See CHANGELOG for more information.

Usage

Documentation

API Reference

Basics

(require '[clj-hgvs.core :as hgvs])

;; `parse` parses a HGVS text, returning a HGVS record.
(def hgvs1 (hgvs/parse "NM_005228.3:c.2573T>G"))

hgvs1
;;=> #clj_hgvs.core.HGVS
;;   {:transcript "NM_005228.3"
;;    :kind :coding-dna
;;    :mutation #clj_hgvs.mutation.DNASubstitution
;;              {:coord #clj_hgvs.coordinate.CodingDNACoordinate
;;                      {:position 2573
;;                       :offset 0
;;                       :region nil}
;;               :ref "T"
;;               :type ">"
;;               :alt "G"}}

;; `format` returns a HGVS text.
(hgvs/format hgvs1)
;;=> "NM_005228.3:c.2573T>G"

Tagged Literal

#clj-hgvs/hgvs tagged literal is useful for easy and readable definition of a HGVS data.

#clj-hgvs/hgvs "NM_005228.3:c.2573T>G"

Formatter Styles

clj-hgvs.core/format has various options for specifying HGVS styles.

(hgvs/format #clj-hgvs/hgvs "NM_005228.3:c.2307_2308insGCCAGCGTG"
             {:ins-format :count})
;;=> "NM_005228.3:c.2307_2308ins(9)"

(hgvs/format #clj-hgvs/hgvs "p.Leu858Arg"
             {:amino-acid-format :short})
;;=> "p.L858R"

See API reference for all formatter options.

Equivalence

clj-hgvs.core/== tests the fundamental equivalence of the given HGVS.

(hgvs/== #clj-hgvs/hgvs "NM_005228:c.2361G>A"
         #clj-hgvs/hgvs "NM_005228.4:c.2361G>A")
;;=> true

(hgvs/== #clj-hgvs/hgvs "p.K53Afs*9"
         #clj-hgvs/hgvs "p.Lys53Alafs")
;;=> true

(hgvs/== #clj-hgvs/hgvs "p.L858R"
         #clj-hgvs/hgvs "p.L858M")
;;=> false

Plain Map Representation

plain converts HGVS data to a plain map, and restore converts the map back to the HGVS data.
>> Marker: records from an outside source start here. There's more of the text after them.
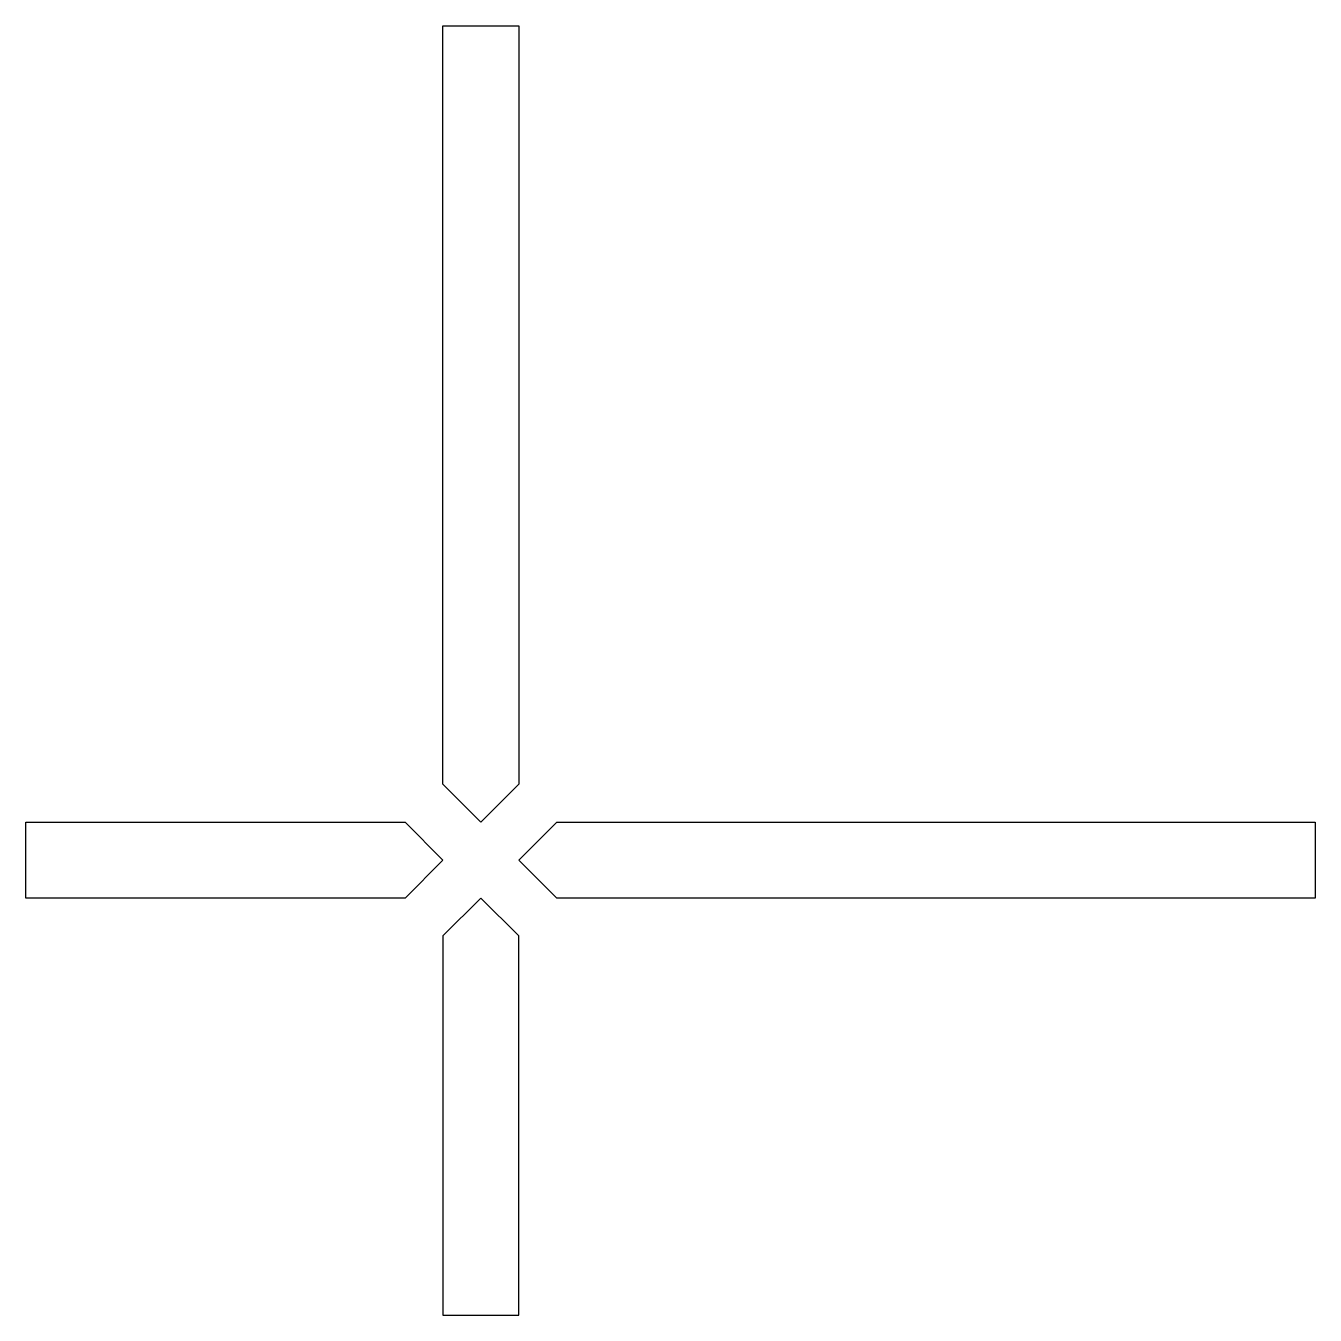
# Model space of a CAD drawing. Extents: x -470.6 to -468.9, y -470.6 to -468.9.
import ezdxf

# ---------------------------------------------------------------- set-up
doc = ezdxf.new("R2010")
doc.units = 13
doc.layers.add('MAGNET', color=11, linetype='Continuous')

msp = doc.modelspace()

# ---------------------------------------------------------------- linework, layer by layer
at = {"layer": 'MAGNET'}
for points in [[(-470.05, -468.9), (-469.95, -468.9), (-469.95, -469.9), (-470, -469.95), (-470.05, -469.9), (-470.05, -469.7)], [(-470.6, -470.05), (-470.6, -469.95), (-470.1, -469.95), (-470.05, -470), (-470.1, -470.05), (-470.3, -470.05)], [(-468.9, -469.95), (-468.9, -470.05), (-469.9, -470.05), (-469.95, -470), (-469.9, -469.95)], [(-470.05, -470.6), (-469.95, -470.6), (-469.95, -470.1), (-470, -470.05), (-470.05, -470.1), (-470.05, -470.3)]]:
    msp.add_lwpolyline(points, close=True, dxfattribs=at)

doc.saveas('drawing.dxf')

These functions are useful for sending HGVS data through another codec.

(hgvs/plain #clj-hgvs/hgvs "NM_005228.3:c.2573T>G")
;;=> {:transcript "NM_005228.3"
;;    :kind "coding-dna"
;;    :mutation {:mutation "dna-substitution"
;;               :coord {:coordinate "coding-dna"
;;                       :position 2573
;;                       :offset 0
;;                       :region nil}
;;               :ref "T"
;;               :type ">"
;;               :alt "G"}}

(hgvs/restore *1)
;;=> #clj-hgvs/hgvs "NM_005228.3:c.2573T>G"

HGVS Repair

repair-hgvs-str attempts to repair an invalid HGVS text.

(hgvs/repair-hgvs-str "c.123_124GC>AA")
;;=> "c.123_124delGCinsAA"

The repair rules are based on frequent mistakes in popular public-domain databases such as dbSNP and ClinVar.

You may supply custom repair rules to the second argument:

(require '[clojure.string :as string]
         '[clj-hgvs.repairer :as repairer])

(defn lower-case-ext
  [s kind]
  (if (= kind :protein)
    (string/replace s #"EXT" "ext")
    s))

(def my-repairers (conj repairer/built-in-repairers
                        lower-case-ext))

(hgvs/repair-hgvs-str "p.*833EXT*?" my-repairers)
;;=> "p.*833ext*?"

License

Copyright 2017-2024 Xcoo, Inc.

Licensed under the Apache License, Version 2.0.